Similarly, the International Rescue Committee does not work with refugees, per se, but serves as a policy and pressure group involved in funneling private profits from the West back to the West. The IRC has also been cited for involvement in military operations in the Democratic Republic of Congo and it has deep ties to people like Henry Kissinger.

The AID (read: misery) industry in Sudan was by the mid-1990s the largest so-called “humanitarian” enterprise on the planet, Operation Lifeline Sudan (OLS) – a form of managed inequality and a temporary and mobile economy of white privilege, adventurism and, of course, good will (sic). The misery industry shifted its focus from South Sudan to Darfur after a pseudo peace “treaty” was organized to end the decades old war between the SPLA and GoS; the U.S. and Israel backed the SPLA from 1990 onward and continue to do so at present. The result of more than 12 years of illegal U.S. covert low-intensity warfare in Sudan resulted in the creation of the independent and sovereign state of South Sudan in circa 2005 – a state dominated by Jewish and Christian faith-based interests and Western multinational corporations.

Much of the AID infrastructure in Sudan has at one time or another been used as a weapon through the use of human shields, food deliveries to refugee populations inseparable from insurgents and shipments of weapons by “humanitarian” NGOs. This is both incidental and deliberate policy. Christian “relief” NGOs played a huge role in supporting the covert Western insurgency in South Sudan.
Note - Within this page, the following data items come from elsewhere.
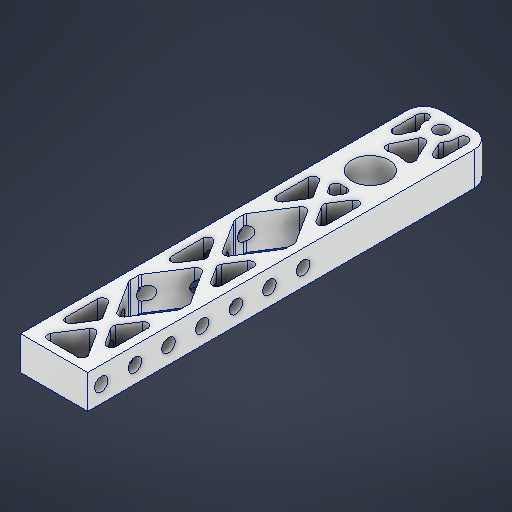
# Autodesk Inventor part: climber-arm-middle-bar
Saved by Autodesk Inventor 2025.1 (Build 291241020, 241B)
## iProperties
Created: 2025-03-18
Part Number: climber-arm-middle-bar
Material: Aluminum 6061
Document SubType Name: Modeling
Designer: mathe
Density: 2.7 g/cm^3
Appearance: Aluminum - Flat
Author: mathe
Autodesk Inventor part; units mm, degrees
ref_plane "YZ Plane" through (0, 0, 0) normal (1, 0, 0) x (0, 1, 0)
ref_plane "XZ Plane" through (0, 0, 0) normal (0, 1, 0) x (-1, 0, 0)
ref_plane "XY Plane" through (0, 0, 0) normal (0, 0, 1) x (1, 0, 0)
sketch "Sketch1" plane through (0, 0, 0) normal (0, 1, 0) x (-1, 0, 0)
  line L0 (6.35, -152.4) -> (19.05, -152.4)
  arc A0 (19.05, -152.4) -> (25.4, -146.05) centre (19.05, -146.05) ccw
  line L1 (25.4, -146.05) -> (25.4, 0)
  line L2 (25.4, 0) -> (0, 0)
  line L3 (0, 0) -> (0, -146.05)
  arc A1 (0, -146.05) -> (6.35, -152.4) centre (6.35, -146.05) ccw
  arc A2 (9.5889, -129.0519) -> (15.8111, -129.0519) centre (12.7, -119.38) ccw
  arc A3 (17.8994, -131.4388) -> (15.8111, -129.0519) centre (16.34, -130.6962) ccw
  line L4 (17.8994, -131.4388) -> (14.2594, -139.0828)
  arc A4 (11.1406, -139.0828) -> (14.2594, -139.0828) centre (12.7, -138.3402) ccw
  line L5 (11.1406, -139.0828) -> (7.5006, -131.4388)
  arc A5 (9.5889, -129.0519) -> (7.5006, -131.4388) centre (9.06, -130.6962) ccw
  line L6 (10.2235, -60.6193) -> (6.3581, -66.6751)
  arc A6 (3.175, -65.7458) -> (6.3581, -66.6751) centre (4.9022, -65.7458) ccw
  line L7 (3.175, -65.7458) -> (3.175, -53.6342)
  arc A7 (6.3581, -52.7049) -> (3.175, -53.6342) centre (4.9022, -53.6342) ccw
  line L8 (6.3581, -52.7049) -> (10.2235, -58.7607)
  arc A8 (10.2235, -60.6193) -> (10.2235, -58.7607) centre (8.7676, -59.69) ccw
  line L9 (22.225, -38.274) -> (22.225, -41.3127)
  arc A9 (21.9537, -42.242) -> (22.225, -41.3127) centre (20.4978, -41.3127) ccw
  line L10 (21.9537, -42.242) -> (14.1559, -54.4585)
  arc A10 (11.2441, -54.4585) -> (14.1559, -54.4585) centre (12.7, -53.5293) ccw
  line L11 (11.2441, -54.4585) -> (3.4463, -42.242)
  arc A11 (3.175, -41.3127) -> (3.4463, -42.242) centre (4.9022, -41.3127) ccw
  line L12 (3.175, -41.3127) -> (3.175, -38.274)
  arc A12 (3.4463, -37.3447) -> (3.175, -38.274) centre (4.9022, -38.274) ccw
  line L13 (3.4463, -37.3447) -> (11.2441, -25.1281)
  arc A13 (14.1559, -25.1281) -> (11.2441, -25.1281) centre (12.7, -26.0574) ccw
  line L14 (14.1559, -25.1281) -> (21.9537, -37.3447)
  arc A14 (22.225, -38.274) -> (21.9537, -37.3447) centre (20.4978, -38.274) ccw
  line L15 (22.225, -53.6342) -> (22.225, -65.7458)
  arc A15 (19.0419, -66.6751) -> (22.225, -65.7458) centre (20.4978, -65.7458) ccw
  line L16 (19.0419, -66.6751) -> (15.1765, -60.6193)
  arc A16 (15.1765, -58.7607) -> (15.1765, -60.6193) centre (16.6324, -59.69) ccw
  line L17 (15.1765, -58.7607) -> (19.0419, -52.7049)
  arc A17 (22.225, -53.6342) -> (19.0419, -52.7049) centre (20.4978, -53.6342) ccw
  line L18 (15.1765, -18.9674) -> (19.0419, -12.9116)
  arc A18 (22.225, -13.8409) -> (19.0419, -12.9116) centre (20.4978, -13.8409) ccw
  line L19 (22.225, -13.8409) -> (22.225, -25.9525)
  arc A19 (19.0419, -26.8818) -> (22.225, -25.9525) centre (20.4978, -25.9525) ccw
  line L20 (19.0419, -26.8818) -> (15.1765, -20.826)
  arc A20 (15.1765, -18.9674) -> (15.1765, -20.826) centre (16.6324, -19.8967) ccw
  line L21 (14.1559, -104.7148) -> (15.376, -106.6263)
  arc A21 (13.7428, -109.2737) -> (15.376, -106.6263) centre (13.9201, -107.5556) ccw
  arc A22 (13.7428, -109.2737) -> (11.6572, -109.2737) centre (12.7, -119.38) ccw
  arc A23 (10.024, -106.6263) -> (11.6572, -109.2737) centre (11.4799, -107.5556) ccw
  line L22 (10.024, -106.6263) -> (11.2441, -104.7148)
  arc A24 (14.1559, -104.7148) -> (11.2441, -104.7148) centre (12.7, -105.6441) ccw
  line L23 (22.225, -78.0673) -> (22.225, -81.106)
  arc A25 (21.9537, -82.0353) -> (22.225, -81.106) centre (20.4978, -81.106) ccw
  line L24 (21.9537, -82.0353) -> (14.1559, -94.2519)
  arc A26 (11.2441, -94.2519) -> (14.1559, -94.2519) centre (12.7, -93.3226) ccw
  line L25 (11.2441, -94.2519) -> (3.4463, -82.0353)
  arc A27 (3.175, -81.106) -> (3.4463, -82.0353) centre (4.9022, -81.106) ccw
  line L26 (3.175, -81.106) -> (3.175, -78.0673)
  arc A28 (3.4463, -77.138) -> (3.175, -78.0673) centre (4.9022, -78.0673) ccw
  line L27 (3.4463, -77.138) -> (11.2441, -64.9215)
  arc A29 (14.1559, -64.9215) -> (11.2441, -64.9215) centre (12.7, -65.8507) ccw
  line L28 (14.1559, -64.9215) -> (21.9537, -77.138)
  arc A30 (22.225, -78.0673) -> (21.9537, -77.138) centre (20.4978, -78.0673) ccw
  line L29 (15.1765, -98.554) -> (19.0419, -92.4982)
  arc A31 (22.225, -93.4275) -> (19.0419, -92.4982) centre (20.4978, -93.4275) ccw
  line L30 (22.225, -93.4275) -> (22.225, -105.5391)
  arc A32 (19.0419, -106.4684) -> (22.225, -105.5391) centre (20.4978, -105.5391) ccw
  line L31 (19.0419, -106.4684) -> (15.1765, -100.4126)
  arc A33 (15.1765, -98.554) -> (15.1765, -100.4126) centre (16.6324, -99.4833) ccw
  line L32 (10.2235, -20.826) -> (6.3581, -26.8818)
  arc A34 (3.175, -25.9525) -> (6.3581, -26.8818) centre (4.9022, -25.9525) ccw
  line L33 (3.175, -25.9525) -> (3.175, -13.8409)
  arc A35 (6.3581, -12.9116) -> (3.175, -13.8409) centre (4.9022, -13.8409) ccw
  line L34 (6.3581, -12.9116) -> (10.2235, -18.9674)
  arc A36 (10.2235, -20.826) -> (10.2235, -18.9674) centre (8.7676, -19.8967) ccw
  arc A37 (7.0615, -3.175) -> (5.6056, -5.8315) centre (7.0615, -4.9022) ccw
  line L35 (7.0615, -3.175) -> (18.3385, -3.175)
  arc A38 (19.7944, -5.8315) -> (18.3385, -3.175) centre (18.3385, -4.9022) ccw
  line L36 (19.7944, -5.8315) -> (14.1559, -14.6652)
  arc A39 (11.2441, -14.6652) -> (14.1559, -14.6652) centre (12.7, -13.7359) ccw
  line L37 (11.2441, -14.6652) -> (5.6056, -5.8315)
  arc A40 (17.0041, -140.7037) -> (17.2051, -142.5129) centre (18.5636, -141.4463) ccw
  line L38 (17.0041, -140.7037) -> (18.9384, -136.6418)
  arc A41 (22.225, -137.3844) -> (18.9384, -136.6418) centre (20.4978, -137.3844) ccw
  line L39 (22.225, -137.3844) -> (22.225, -146.05)
  arc A42 (21.3219, -148.2679) -> (22.225, -146.05) centre (19.05, -146.05) ccw
  arc A43 (18.3747, -146.8271) -> (21.3219, -148.2679) centre (20.086, -147.0614) ccw
  arc A44 (18.3747, -146.8271) -> (17.2051, -142.5129) centre (12.7, -146.05) ccw
  line L40 (3.175, -146.05) -> (3.175, -137.3844)
  arc A45 (6.4616, -136.6418) -> (3.175, -137.3844) centre (4.9022, -137.3844) ccw
  line L41 (6.4616, -136.6418) -> (8.3959, -140.7037)
  arc A46 (8.1949, -142.5129) -> (8.3959, -140.7037) centre (6.8364, -141.4463) ccw
  arc A47 (8.1949, -142.5129) -> (7.0253, -146.8271) centre (12.7, -146.05) ccw
  arc A48 (4.0781, -148.2679) -> (7.0253, -146.8271) centre (5.314, -147.0614) ccw
  arc A49 (3.175, -146.05) -> (4.0781, -148.2679) centre (6.35, -146.05) ccw
  line L42 (10.2235, -100.4126) -> (6.3581, -106.4684)
  arc A50 (3.175, -105.5391) -> (6.3581, -106.4684) centre (4.9022, -105.5391) ccw
  line L43 (3.175, -105.5391) -> (3.175, -93.4275)
  arc A51 (6.3581, -92.4982) -> (3.175, -93.4275) centre (4.9022, -93.4275) ccw
  line L44 (6.3581, -92.4982) -> (10.2235, -98.554)
  arc A52 (10.2235, -100.4126) -> (10.2235, -98.554) centre (8.7676, -99.4833) ccw
  circle A53 centre (12.7, -119.38) radius 6.985
  circle A54 centre (12.7, -146.05) radius 2.5527
  point P0 (25.4, -146.05)
  point P1 (6.3581, -92.4982)
  point P2 (8.1949, -142.5129)
  point P3 (7.0253, -146.8271)
  point P4 (21.3219, -148.2679)
  point P5 (18.3747, -146.8271)
  point P6 (17.2051, -142.5129)
  point P7 (17.0041, -140.7037)
  point P8 (6.3581, -12.9116)
  point P9 (22.225, -93.4275)
  point P10 (21.9537, -82.0353)
  point P11 (11.2441, -94.2519)
  point P12 (3.4463, -82.0353)
  point P13 (3.175, -81.106)
  point P14 (3.4463, -77.138)
  point P15 (10.024, -106.6263)
  point P16 (13.7428, -109.2737)
  point P17 (15.1765, -58.7607)
  point P18 (11.2441, -54.4585)
  point P19 (3.175, -41.3127)
  point P20 (3.4463, -37.3447)
  point P21 (17.8994, -131.4388)
  constraints: 106 point on circle, 90 end point, 55 centre point
extrude "Extrusion1" add sketch "Sketch1" along normal blind 12.7
sketch "Sketch2" plane through (-25.4, 0, -146.05) normal (-1, 0, 0) x (0, 0, 1)
  line L0 (146.05, 0) -> (146.05, 12.7) projected
  line L1 (146.05, 6.35) -> (140.97, 6.35)
  point P0 (128.27, 6.35)
  point P1 (115.57, 6.35)
  point P2 (102.87, 6.35)
  point P3 (90.17, 6.35)
  point P4 (77.47, 6.35)
  point P5 (64.77, 6.35)
  dimension "d2" = 5.08
  dimension "d5" = 12.7
  constraints: 2 end point, 2 horizontal, 1 coincident, 1 midpoint, 6 other
  measures "d2" distance of L1.start L1.end
  measures "d5" distance of point (140.97, 6.35) point (128.27, 6.35)
hole "Hole1" at (-25.4, 6.35, -5.08) at (-25.4, 6.35, -17.78) at (-25.4, 6.35, -30.48) at (-25.4, 6.35, -43.18) at (-25.4, 6.35, -55.88) at (-25.4, 6.35, -68.58) at (-25.4, 6.35, -81.28) direction (1, 0, 0) diameter 5.1054 end through all
body "Solid1"

One notable “humanitarian” NGO involved in weapons deliveries was the Norwegian People’s Aid (known affectionately in the field as the Norwegian People’s Army).

In Darfur, Sudan, the U.S. government agenda is to win control of natural resources and lever the Arab government into a corner and, at last, establish a more “friendly” government that will suit the corporate interests of the United States, Canada, Europe, Australia and Israel.

Several major think tanks – read: propaganda, lobbying and pressure – behind the destabilization of Sudan include the Foundation for the Defense of Democracy, Center for American Progress, Center for Security Policy, International Rescue Committee and International Crisis Group. Individuals from seemingly diverse positions of the political and ideological spectrum run these organizations, which are ultra-nationalist capitalist organizations bent on global military-economic domination.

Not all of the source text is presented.